• [Aim of the task]
Among the entries below, please repeat exactly and only the lines from the line containing "line L8 (13, 0) -> (-13, 0)" to the line containing "line L22 (-26, -10) -> (-26, -11.5)", both lines included.

• [Records provided]
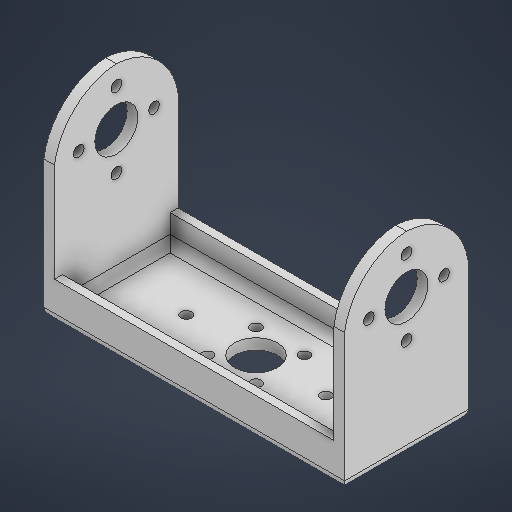
# Autodesk Inventor part: ShotFrame
Saved by Autodesk Inventor 2027 (Build 310192060, 192F)
## iProperties
Created: 2026-09-09
Part Number: ShotFrame
Material: Genérico
Document SubType Name: Modeling
Designer: paulo
Density: 1 g/cm^3
Appearance: Padrão
Author: paulo
Autodesk Inventor part; units mm, degrees
ref_plane "YZ Plane" through (0, 0, 0) normal (1, 0, 0) x (0, 1, 0)
ref_plane "XZ Plane" through (0, 0, 0) normal (0, 1, 0) x (-1, 0, 0)
ref_plane "XY Plane" through (0, 0, 0) normal (0, 0, 1) x (1, 0, 0)
sketch "Esboço1" plane through (0, 0, 0) normal (0, 1, 0) x (-1, 0, 0)
  line L0 (-25.9999, 11.4129) -> (25.9999, -11.4129) construction
  line L1 (28, 11.5) -> (-28, -11.5) construction
  circle A0 centre (0, 0) radius 4
  line L2 (26, 10) -> (-26, 10)
  line L3 (-26, 10) -> (-26, -10)
  line L4 (-26, -10) -> (26, -10)
  line L5 (26, -10) -> (26, 10)
  line L6 (26, 10) -> (-26, -10) construction
  line L7 (-26, 10) -> (26, -10) construction
  line L8 (13, 0) -> (-13, 0)
  circle A1 centre (-13, 0) radius 1
  circle A2 centre (13, 0) radius 1
  line L9 (4.5, 4.5) -> (-4.5, 4.5)
  line L10 (4.5, -4.5) -> (4.5, 4.5)
  line L11 (4.5, 4.5) -> (-4.5, -4.5) construction
  line L12 (-4.5, 4.5) -> (4.5, -4.5) construction
  circle A3 centre (4.5, 4.5) radius 1
  circle A4 centre (4.5, -4.5) radius 1
  circle A5 centre (-4.5, 4.5) radius 1
  circle A6 centre (-4.5, -4.5) radius 1
  line L13 (28, 11.5) -> (-28, 11.5)
  line L14 (-28, 11.5) -> (-28, -11.5)
  line L15 (-28, -11.5) -> (28, -11.5)
  line L16 (28, -11.5) -> (28, 11.5)
  line L17 (28, 11.5) -> (-28, -11.5) construction
  line L18 (-28, 11.5) -> (28, -11.5) construction
  line L19 (26, -10) -> (26, -11.5)
  line L20 (26, 10) -> (26, 11.5)
  line L21 (-26, 10) -> (-26, 11.5)
  line L22 (-26, -10) -> (-26, -11.5)
  dimension "d0" = 54
  dimension "d1" = 23
  dimension "d2" = 8
  dimension "d3" = 52
  dimension "d4" = 20
  dimension "d5" = 26
  dimension "d6" = 2
  dimension "d7" = 2
  dimension "d8" = 9
  dimension "d9" = 9
  dimension "d10" = 2
  dimension "d13" = 9
  dimension "d16" = 9
  dimension "d19" = 56
  dimension "d20" = 23
  constraints: 46 end point, 9 midpoint, 7 centre point, 5 horizontal, 5 perpendicular, 5 point on line, 4 coincident, 4 parallel, 1 vertical, 6 other
  measures "d0" distance of L0.end L1.end
  measures "d1" distance of L1.start L0.end
  measures "d2" diameter of A0
  measures "d3" distance of L4.end L3.end
  measures "d4" distance of L3.end L2.end
  measures "d5" distance of L8.start L8.end
  measures "d6" diameter of A1
  measures "d7" diameter of A2
  measures "d8" distance of L10.start L11.end
  measures "d9" distance of L11.end L9.end
  measures "d10" diameter of A3
  measures "d13" distance of A3.centre A4.centre
  measures "d16" distance of A3.centre A5.centre
  measures "d19" distance of L15.end L1.end
  measures "d20" distance of L1.end L13.end
extrude "Extrusão1" add sketch "Esboço1" along normal blind 34 and the other way blind 2 contours L20 L13 L16 L15 L19 L5 | L3 L22 L15 L14 L13 L21
extrude "Extrusão2" add sketch "Esboço1" along normal blind 5 and the other way blind 2 contours L2 L21 L13 L20 | L19 L15 L22 L4
extrude "Extrusão3" add sketch "Esboço1" against normal blind 2 contours L5 L4 L3 L2
sketch "Esboço3" plane through (-28, -2, -11.5) normal (-1, 0, 0) x (0, 0, 1)
  line L0 (11.5, 2) -> (11.5, 25.4)
  circle A0 centre (11.5, 25.4) radius 4
  line L1 (11.5, 25.4) -> (11.5, 18.4)
  circle A1 centre (11.5, 18.4) radius 1
  circle A2 centre (18.5, 25.4) radius 1
  circle A3 centre (11.5, 32.4) radius 1
  circle A4 centre (4.5, 25.4) radius 1
  line L2 (11.5, 2) -> (-22.5, 2)
  line L3 (7.5, 2) -> (15.5, 2) projected
  line L4 (11.5, 2) -> (11.5, 36)
  line L5 (-7.4457, 25.4) -> (30.4457, 25.4)
  line L6 (0, 36) -> (0, 7) projected
  arc A5 (11.5, 36) -> (0, 25.4) centre (12.2417, 23.6571) ccw
  arc A6 (23, 25.4) -> (11.5, 36) centre (10.7583, 23.6571) ccw
  line L7 (0, 0) -> (0, 36) projected
  line L8 (0, 25.4) -> (0, 36)
  line L9 (0, 36) -> (23, 36)
  line L10 (23, 36) -> (23, 25.4)
  point P0 (-22.5, 2)
  point P1 (11.5, 36)
  point P2 (11.5, 36)
  dimension "d27" = 23.4
  dimension "d28" = 8
  dimension "d29" = 7
  dimension "d30" = 2
  dimension "d33" = 360
  dimension "d39" = 34
  dimension "d40" = 34
  constraints: 14 end point, 7 centre point, 4 point on circle, 3 point on line, 2 coincident, 2 horizontal, 2 perpendicular, 2 vertical, 1 collinear, 1 midpoint, 12 other
  measures "d27" distance of L0.start L0.end
  measures "d28" diameter of A0
  measures "d29" distance of L1.start L1.end
  measures "d30" diameter of A1
  measures "d39" distance of L0.start point (-22.5, 2)
  measures "d40" distance of L0.start L4.end
extrude "Extrusão4" cut sketch "Esboço3" along normal blind 5.75 and the other way blind 76 contours A1 L0 | L0 A1 | A0 L5 L0 | L0 L5 A0 | L5 A0 L4 | L4 A0 L5 | L5 A4 | A4 L5 | L5 A2 | A2 L5 | L4 A3 | A3 L4
extrude "Extrusão5" cut sketch "Esboço3" along normal blind 5.75 and the other way blind 76 contours L6 L9 A5 | L9 L10 A6
fillet "Arredondamento2" radius 1.5 8 edges at (0, 0, 10) (-26, 0, 0) (0, 0, -10) (26, 0, 0) (0, -2, 11.5) (-28, -2, 0) (0, -2, -11.5) (28, -2, 0)

• [Result for this task]
  line L8 (13, 0) -> (-13, 0)
  circle A1 centre (-13, 0) radius 1
  circle A2 centre (13, 0) radius 1
  line L9 (4.5, 4.5) -> (-4.5, 4.5)
  line L10 (4.5, -4.5) -> (4.5, 4.5)
  line L11 (4.5, 4.5) -> (-4.5, -4.5) construction
  line L12 (-4.5, 4.5) -> (4.5, -4.5) construction
  circle A3 centre (4.5, 4.5) radius 1
  circle A4 centre (4.5, -4.5) radius 1
  circle A5 centre (-4.5, 4.5) radius 1
  circle A6 centre (-4.5, -4.5) radius 1
  line L13 (28, 11.5) -> (-28, 11.5)
  line L14 (-28, 11.5) -> (-28, -11.5)
  line L15 (-28, -11.5) -> (28, -11.5)
  line L16 (28, -11.5) -> (28, 11.5)
  line L17 (28, 11.5) -> (-28, -11.5) construction
  line L18 (-28, 11.5) -> (28, -11.5) construction
  line L19 (26, -10) -> (26, -11.5)
  line L20 (26, 10) -> (26, 11.5)
  line L21 (-26, 10) -> (-26, 11.5)
  line L22 (-26, -10) -> (-26, -11.5)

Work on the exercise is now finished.